Dad is the bravest man I know and I want him to get better and maybe be able to stop taking the warfarin. I'm not sure that is in the cards but surely it gets easier to manage as you go! Right now, he is freaked out about what he can or can't eat and he bruises so easily and his fragile skin tears and bleeds so easily, even before the warfarin.

Thanks for any advice you can provide. I know Dad does not have a valve but I thought maybe all the warfarin "experts" here might be able to give me some advice. I've learned a lot just reading the posts here.
 
Welcome to the forum rdr22
The range of 2.3-2.5 is very narrow. This is the narrowest I've heard of. None anti-coagulated blood tests at 1.0. My spouse takes coumadin for A-Fib and his range is 2.0 to 3.0. My mechanical valve is 2.5-3.5.
Coumadin/warfarin takes 3-4 days to clear the system so seven days would render him without any coagulation at all. Has anyone recommended heparin bridging? Doctors are scared silly of a patient bleeding. Patients fear strokes.
Please, please don't worry about diet--eat a balanced one full of greens, veggies--the good stuff, the healthy stuff we all need.
I can't comment on the blood in the urine.
Read the stickies at the top of the page--there's a wealth of info there.
Many of the members on this forum have leared to live with our anti-coagulant and have learned through experience the worst problem is finding a manager who knows what they're doing.
Others will be along soon to offer more help.
 
Being off Warfarin for 7 days is too long. The range of 2.3-2.5 is not possible to hit -- I'm guessing that someone said 2.5-3.5 and the message got garbled. Ask the doctors, again, what the correct range should be.

After a bladder surgery like your dad had, I don't think that it's particularly surprising that there is some blood in the urine. It was probably there before he started taking warfarin.

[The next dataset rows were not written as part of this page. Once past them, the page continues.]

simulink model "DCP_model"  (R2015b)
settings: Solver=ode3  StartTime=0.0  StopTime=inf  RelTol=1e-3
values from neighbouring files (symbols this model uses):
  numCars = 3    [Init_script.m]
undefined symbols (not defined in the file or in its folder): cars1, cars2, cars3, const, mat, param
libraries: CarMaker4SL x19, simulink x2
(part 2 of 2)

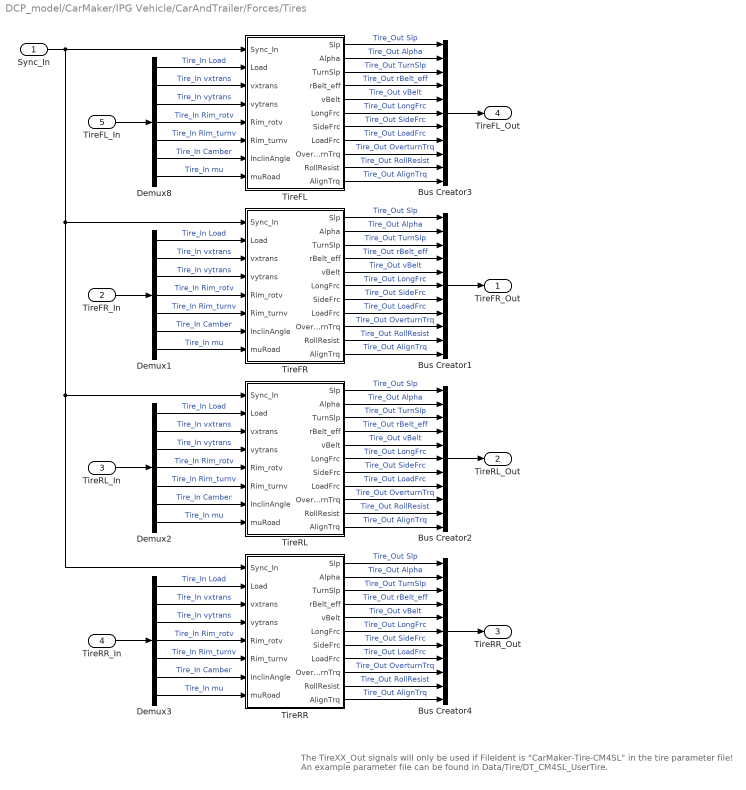
== system DCP_model/CarMaker/IPG Vehicle/CarAndTrailer/Forces/Tires ==
  note: The TireXX_Out signals will only be used if FileIdent is "CarMaker-Tire-CM4SL" in the tire parameter file!
      | An example parameter file can be found in Data/Tire/DT_CM4SL_UserTire.
  Sync_In : Inport
  TireFR_In : Inport  Port=2
  TireRL_In : Inport  Port=3
  TireRR_In : Inport  Port=4
  TireFL_In : Inport  Port=5
  Bus Creator{1..4} (4 alike) : BusCreator  Inputs=11
  Demux{1..3,8} (4 alike) : Demux  Outputs=7
  TireFL : Subsystem
  TireFR : Subsystem
  TireRL : Subsystem
  TireRR : Subsystem
  TireFR_Out : Outport
  TireRL_Out : Outport  Port=2
  TireRR_Out : Outport  Port=3
  TireFL_Out : Outport  Port=4
  wires:
  Sync_In/1 -> TireRR/1(Sync_In), TireRL/1(Sync_In), TireFR/1(Sync_In), TireFL/1(Sync_In)
  Bus Creator4/1 -> TireRR_Out/1
  Bus Creator2/1 -> TireRL_Out/1
  Bus Creator1/1 -> TireFR_Out/1
  Demux3/5 -> TireRR/6(Rim_turnv)  "Tire_In Rim_turnv"
  Demux3/4 -> TireRR/5(Rim_rotv)  "Tire_In Rim_rotv"
  Demux3/1 -> TireRR/2(Load)  "Tire_In Load"
  Demux3/7 -> TireRR/8(muRoad)  "Tire_In mu"
  Demux3/6 -> TireRR/7(InclinAngle)  "Tire_In Camber"
  Demux3/2 -> TireRR/3(vxtrans)  "Tire_In vxtrans"
  Demux3/3 -> TireRR/4(vytrans)  "Tire_In vytrans"
  TireRR/11(AlignTrq) -> Bus Creator4/11  "Tire_Out AlignTrq"
  TireRR/10(RollResist) -> Bus Creator4/10  "Tire_Out RollResist"
  TireRR/9(OverturnTrq) -> Bus Creator4/9  "Tire_Out OverturnTrq"
  TireRR/8(LoadFrc) -> Bus Creator4/8  "Tire_Out LoadFrc"
  TireRR/7(SideFrc) -> Bus Creator4/7  "Tire_Out SideFrc"
  TireRR/6(LongFrc) -> Bus Creator4/6  "Tire_Out LongFrc"
  TireRR/5(vBelt) -> Bus Creator4/5  "Tire_Out vBelt"
  TireRR/4(rBelt_eff) -> Bus Creator4/4  "Tire_Out rBelt_eff"
  TireRR/3(TurnSlp) -> Bus Creator4/3  "Tire_Out TurnSlp"
  TireRR/1(Slp) -> Bus Creator4/1  "Tire_Out Slp"
  TireRR/2(Alpha) -> Bus Creator4/2  "Tire_Out Alpha"
  Demux2/5 -> TireRL/6(Rim_turnv)  "Tire_In Rim_turnv"
  Demux2/4 -> TireRL/5(Rim_rotv)  "Tire_In Rim_rotv"
  Demux2/1 -> TireRL/2(Load)  "Tire_In Load"
  Demux2/7 -> TireRL/8(muRoad)  "Tire_In mu"
  Demux2/6 -> TireRL/7(InclinAngle)  "Tire_In Camber"
  Demux2/2 -> TireRL/3(vxtrans)  "Tire_In vxtrans"
  Demux2/3 -> TireRL/4(vytrans)  "Tire_In vytrans"
  TireRL/11(AlignTrq) -> Bus Creator2/11  "Tire_Out AlignTrq"
  TireRL/10(RollResist) -> Bus Creator2/10  "Tire_Out RollResist"
  TireRL/9(OverturnTrq) -> Bus Creator2/9  "Tire_Out OverturnTrq"
  TireRL/8(LoadFrc) -> Bus Creator2/8  "Tire_Out LoadFrc"
  TireRL/7(SideFrc) -> Bus Creator2/7  "Tire_Out SideFrc"
  TireRL/6(LongFrc) -> Bus Creator2/6  "Tire_Out LongFrc"
  TireRL/5(vBelt) -> Bus Creator2/5  "Tire_Out vBelt"
  TireRL/4(rBelt_eff) -> Bus Creator2/4  "Tire_Out rBelt_eff"
  TireRL/3(TurnSlp) -> Bus Creator2/3  "Tire_Out TurnSlp"
  TireRL/1(Slp) -> Bus Creator2/1  "Tire_Out Slp"
  TireRL/2(Alpha) -> Bus Creator2/2  "Tire_Out Alpha"
  Demux1/5 -> TireFR/6(Rim_turnv)  "Tire_In Rim_turnv"
  Demux1/4 -> TireFR/5(Rim_rotv)  "Tire_In Rim_rotv"
  Demux1/1 -> TireFR/2(Load)  "Tire_In Load"
  Demux1/7 -> TireFR/8(muRoad)  "Tire_In mu"
  Demux1/6 -> TireFR/7(InclinAngle)  "Tire_In Camber"
  Demux1/2 -> TireFR/3(vxtrans)  "Tire_In vxtrans"
  Demux1/3 -> TireFR/4(vytrans)  "Tire_In vytrans"
  TireFR/11(AlignTrq) -> Bus Creator1/11  "Tire_Out AlignTrq"
  TireFR/10(RollResist) -> Bus Creator1/10  "Tire_Out RollResist"
  TireFR/9(OverturnTrq) -> Bus Creator1/9  "Tire_Out OverturnTrq"
  TireFR/8(LoadFrc) -> Bus Creator1/8  "Tire_Out LoadFrc"
  TireFR/7(SideFrc) -> Bus Creator1/7  "Tire_Out SideFrc"
  TireFR/6(LongFrc) -> Bus Creator1/6  "Tire_Out LongFrc"
  TireFR/5(vBelt) -> Bus Creator1/5  "Tire_Out vBelt"
  TireFR/4(rBelt_eff) -> Bus Creator1/4  "Tire_Out rBelt_eff"
  TireFR/3(TurnSlp) -> Bus Creator1/3  "Tire_Out TurnSlp"
  TireFR/1(Slp) -> Bus Creator1/1  "Tire_Out Slp"
  TireFR/2(Alpha) -> Bus Creator1/2  "Tire_Out Alpha"
  Demux8/5 -> TireFL/6(Rim_turnv)  "Tire_In Rim_turnv"
  Demux8/4 -> TireFL/5(Rim_rotv)  "Tire_In Rim_rotv"
  TireFL_In/1 -> Demux8/1
  Demux8/1 -> TireFL/2(Load)  "Tire_In Load"
  Demux8/7 -> TireFL/8(muRoad)  "Tire_In mu"
  Demux8/6 -> TireFL/7(InclinAngle)  "Tire_In Camber"
  Demux8/2 -> TireFL/3(vxtrans)  "Tire_In vxtrans"
  Demux8/3 -> TireFL/4(vytrans)  "Tire_In vytrans"
  TireFL/11(AlignTrq) -> Bus Creator3/11  "Tire_Out AlignTrq"
  TireFL/10(RollResist) -> Bus Creator3/10  "Tire_Out RollResist"
  TireFL/9(OverturnTrq) -> Bus Creator3/9  "Tire_Out OverturnTrq"
  TireFL/8(LoadFrc) -> Bus Creator3/8  "Tire_Out LoadFrc"
  TireFL/7(SideFrc) -> Bus Creator3/7  "Tire_Out SideFrc"
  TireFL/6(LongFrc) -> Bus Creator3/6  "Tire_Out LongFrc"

Not being a doctor, I can't give ANY advice. However, it would be a good idea to check with the doctor who originally gave him a range. Yes, eat a good diet - you can always adjust the dosage to the diet. Perhaps another specialist would have better advice about the stents and bleeding.
 
Next question: He is going to have a "procedure" in a week or so to change his ureteral stents. Dad had bladder cancer in 2005 and, at the age of 80, had the huge surgery to remove his bladder and prostate. Scar tissue formed in his ureters so they had to put stents in to keep them open. He gets them changed every 3 or 4 months and it is not an invasive procedure. They take the old ones out and put the new ones in through his stoma. There is seldom any bleeding involved but they want him to get of his warfarin for 7 days before the procedure? Is this excessive? He is currently bleeding in his urine so we assume it is coming from the ureters or kidneys. He has told his cardiologist's office about this bleeding and their reply was to "see a urologist." I think the bleeding has to be warfarin-related. But, I'm not a doctor so what do I know?!

I assume your dad has been checked for a UTI (urinary tract infection). One of the symptoms of a UTI is blood in the urine. Is the blood visible to the eye? If so, he does need to see a urologist.
I had a UTI earlier this year, with microscopic hematuria. Took 2 different antibiotics to clear up (ceph and then cipro).